Measure 37’s passage means lots of lawsuits, and little else
December 14, 2004 |
Great Lakes Bulletin News Service
MLUI | |
Urban growth boundaries protect much of Oregon’s countryside from sprawling development and help its cities, including Portland, prosper. |
By almost any measure, Oregon's 30-year experience with carefully planning and managing change in its cities, towns, farmland, and natural assets has been a resounding success.
The state's major city, Portland, is among the nation's most livable, lacking the blight of so many central cities while offering a broad array of vibrant urban and suburban neighborhoods. Just outside Portland's metropolitan boundary (it actually has one) lies a well-protected landscape of majestic evergreen forests and working farms with some of the most fertile soils in North America. Whether nestled in the Cascade foothills, the high desert or along the publicly accessible, awe-inspiring coast, Oregon's towns and cities are cohesive and unique, rather than mere zip-code blips in a sea of undifferentiated sprawl. The outcome is so successful in part because the process is smart: Citizens of all stripes have a say in making the plans everyone will live by.

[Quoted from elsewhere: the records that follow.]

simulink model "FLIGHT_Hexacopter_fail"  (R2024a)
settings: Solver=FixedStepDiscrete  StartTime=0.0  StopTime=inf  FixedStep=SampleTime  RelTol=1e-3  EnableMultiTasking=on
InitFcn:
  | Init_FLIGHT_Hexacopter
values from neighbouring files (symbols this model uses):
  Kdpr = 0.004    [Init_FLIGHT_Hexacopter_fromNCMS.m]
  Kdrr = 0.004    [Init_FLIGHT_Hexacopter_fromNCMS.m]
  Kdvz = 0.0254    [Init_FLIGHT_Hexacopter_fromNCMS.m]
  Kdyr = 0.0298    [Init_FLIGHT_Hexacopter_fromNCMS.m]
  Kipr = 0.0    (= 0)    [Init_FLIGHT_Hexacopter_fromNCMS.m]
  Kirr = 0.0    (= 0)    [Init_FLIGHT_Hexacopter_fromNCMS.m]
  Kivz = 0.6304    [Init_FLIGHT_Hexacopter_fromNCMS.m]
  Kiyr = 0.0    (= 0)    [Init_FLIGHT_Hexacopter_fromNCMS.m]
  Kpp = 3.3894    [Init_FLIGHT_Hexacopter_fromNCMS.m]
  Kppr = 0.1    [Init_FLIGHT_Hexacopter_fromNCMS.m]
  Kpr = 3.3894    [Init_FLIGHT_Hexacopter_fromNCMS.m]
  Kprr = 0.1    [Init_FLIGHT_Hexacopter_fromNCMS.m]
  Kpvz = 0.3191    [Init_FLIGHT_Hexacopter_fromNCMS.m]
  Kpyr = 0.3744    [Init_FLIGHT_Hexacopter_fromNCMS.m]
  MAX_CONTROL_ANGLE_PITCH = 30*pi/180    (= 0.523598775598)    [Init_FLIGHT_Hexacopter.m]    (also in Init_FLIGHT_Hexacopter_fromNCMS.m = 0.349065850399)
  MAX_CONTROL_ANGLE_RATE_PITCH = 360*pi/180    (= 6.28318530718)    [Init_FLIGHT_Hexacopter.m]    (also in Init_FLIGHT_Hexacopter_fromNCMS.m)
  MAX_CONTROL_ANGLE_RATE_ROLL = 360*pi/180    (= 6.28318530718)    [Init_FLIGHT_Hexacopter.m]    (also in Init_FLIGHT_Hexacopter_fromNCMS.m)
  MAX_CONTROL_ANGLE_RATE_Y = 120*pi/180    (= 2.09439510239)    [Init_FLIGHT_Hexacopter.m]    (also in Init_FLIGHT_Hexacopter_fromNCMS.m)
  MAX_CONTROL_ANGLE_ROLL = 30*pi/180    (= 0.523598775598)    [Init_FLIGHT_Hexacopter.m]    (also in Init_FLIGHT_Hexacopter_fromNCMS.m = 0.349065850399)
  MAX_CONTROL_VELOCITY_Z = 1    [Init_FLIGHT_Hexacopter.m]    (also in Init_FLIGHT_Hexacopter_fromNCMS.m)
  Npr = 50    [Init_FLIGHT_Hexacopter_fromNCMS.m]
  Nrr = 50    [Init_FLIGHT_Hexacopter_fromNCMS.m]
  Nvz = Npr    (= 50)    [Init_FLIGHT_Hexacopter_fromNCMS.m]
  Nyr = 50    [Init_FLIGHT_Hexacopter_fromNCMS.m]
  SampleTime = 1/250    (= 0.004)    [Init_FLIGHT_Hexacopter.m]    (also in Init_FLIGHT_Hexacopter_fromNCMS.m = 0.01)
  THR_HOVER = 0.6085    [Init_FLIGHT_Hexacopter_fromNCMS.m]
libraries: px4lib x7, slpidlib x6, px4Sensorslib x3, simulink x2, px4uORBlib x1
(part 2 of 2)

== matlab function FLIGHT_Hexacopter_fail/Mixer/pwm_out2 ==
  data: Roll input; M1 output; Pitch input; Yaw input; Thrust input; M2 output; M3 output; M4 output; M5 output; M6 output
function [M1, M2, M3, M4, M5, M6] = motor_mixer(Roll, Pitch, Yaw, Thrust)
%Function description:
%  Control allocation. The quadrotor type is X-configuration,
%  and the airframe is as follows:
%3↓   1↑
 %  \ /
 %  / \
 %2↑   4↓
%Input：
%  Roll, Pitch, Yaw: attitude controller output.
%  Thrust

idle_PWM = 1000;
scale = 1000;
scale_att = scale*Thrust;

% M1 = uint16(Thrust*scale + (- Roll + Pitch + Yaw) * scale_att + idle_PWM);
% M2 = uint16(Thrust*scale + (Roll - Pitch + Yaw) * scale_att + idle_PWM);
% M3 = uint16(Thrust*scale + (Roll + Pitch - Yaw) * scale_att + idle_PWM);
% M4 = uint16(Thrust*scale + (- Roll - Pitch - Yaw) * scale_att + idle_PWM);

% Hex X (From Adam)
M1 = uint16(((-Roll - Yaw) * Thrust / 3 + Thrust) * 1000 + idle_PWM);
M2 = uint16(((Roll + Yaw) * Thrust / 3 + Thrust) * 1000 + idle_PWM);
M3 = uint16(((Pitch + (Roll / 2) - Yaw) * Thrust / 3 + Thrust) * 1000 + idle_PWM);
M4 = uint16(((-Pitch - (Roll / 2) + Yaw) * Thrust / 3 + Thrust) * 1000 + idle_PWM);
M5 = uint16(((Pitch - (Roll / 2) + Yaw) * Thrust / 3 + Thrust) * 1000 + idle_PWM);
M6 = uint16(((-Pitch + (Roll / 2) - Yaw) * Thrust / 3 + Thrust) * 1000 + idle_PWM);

For these reasons, many have touted Oregon as a leader in applying Smart Growth principles to economic development. So when people around the country hear that Oregonians just voted to chuck it all with an anti-planning ballot measure, they have to wonder what that means for their own efforts to promote good planning that preserves communities and the environment.
The short answer, in my view: not much. First, Oregon's unique situation has been misinterpreted by some commentators, which I'll explain in a moment. And second, many other votes throughout the West and across the country provided abundant evidence that, more than ever, citizens want an active role in shaping their communities and protecting precious landscapes.
A Brilliant Subterfuge
In Oregon, nothing on the ballot repealed planning or environmental laws; in truth, every past measure expressly aimed at doing so has failed. There was no referendum in which voters chose "sprawl" over "smart growth." Oregonians didn't even vote to eliminate the vaunted urban growth boundaries around their metro areas.
What 60 percent of voters did was to approve Measure 37, whose brilliantly worded ballot title read: "Governments must pay owners, or forgo enforcement, when certain land-use restrictions reduce property value." It certainly sounds fair; in fact, the wonder is that passage wasn't more lopsided.
Amazingly, though, 40 percent of the voters saw through the wording and realized that the corporate land speculators and anti-planning activists who sponsored the measure had something up their sleeve. That something was this: The law is retroactive to 30 years ago, meaning that it suddenly throws into doubt three decades' worth of neighborhood zoning maps, community plans and environmental protections.
Now anyone — whether farmer, timber company or homeowner — who owned land before a zoning or environmental rule went into effect can claim the change reduced their property's speculative value and demand the government pay them (at today's land values!) or waive the land use restriction.
What this means, says Robert Liberty, the former executive director of the pro-planning group 1,000 Friends of Oregon, is that "if you're a timber company in a forest conservation zone that goes in and wants to sell lots for development, you can go ahead and do so."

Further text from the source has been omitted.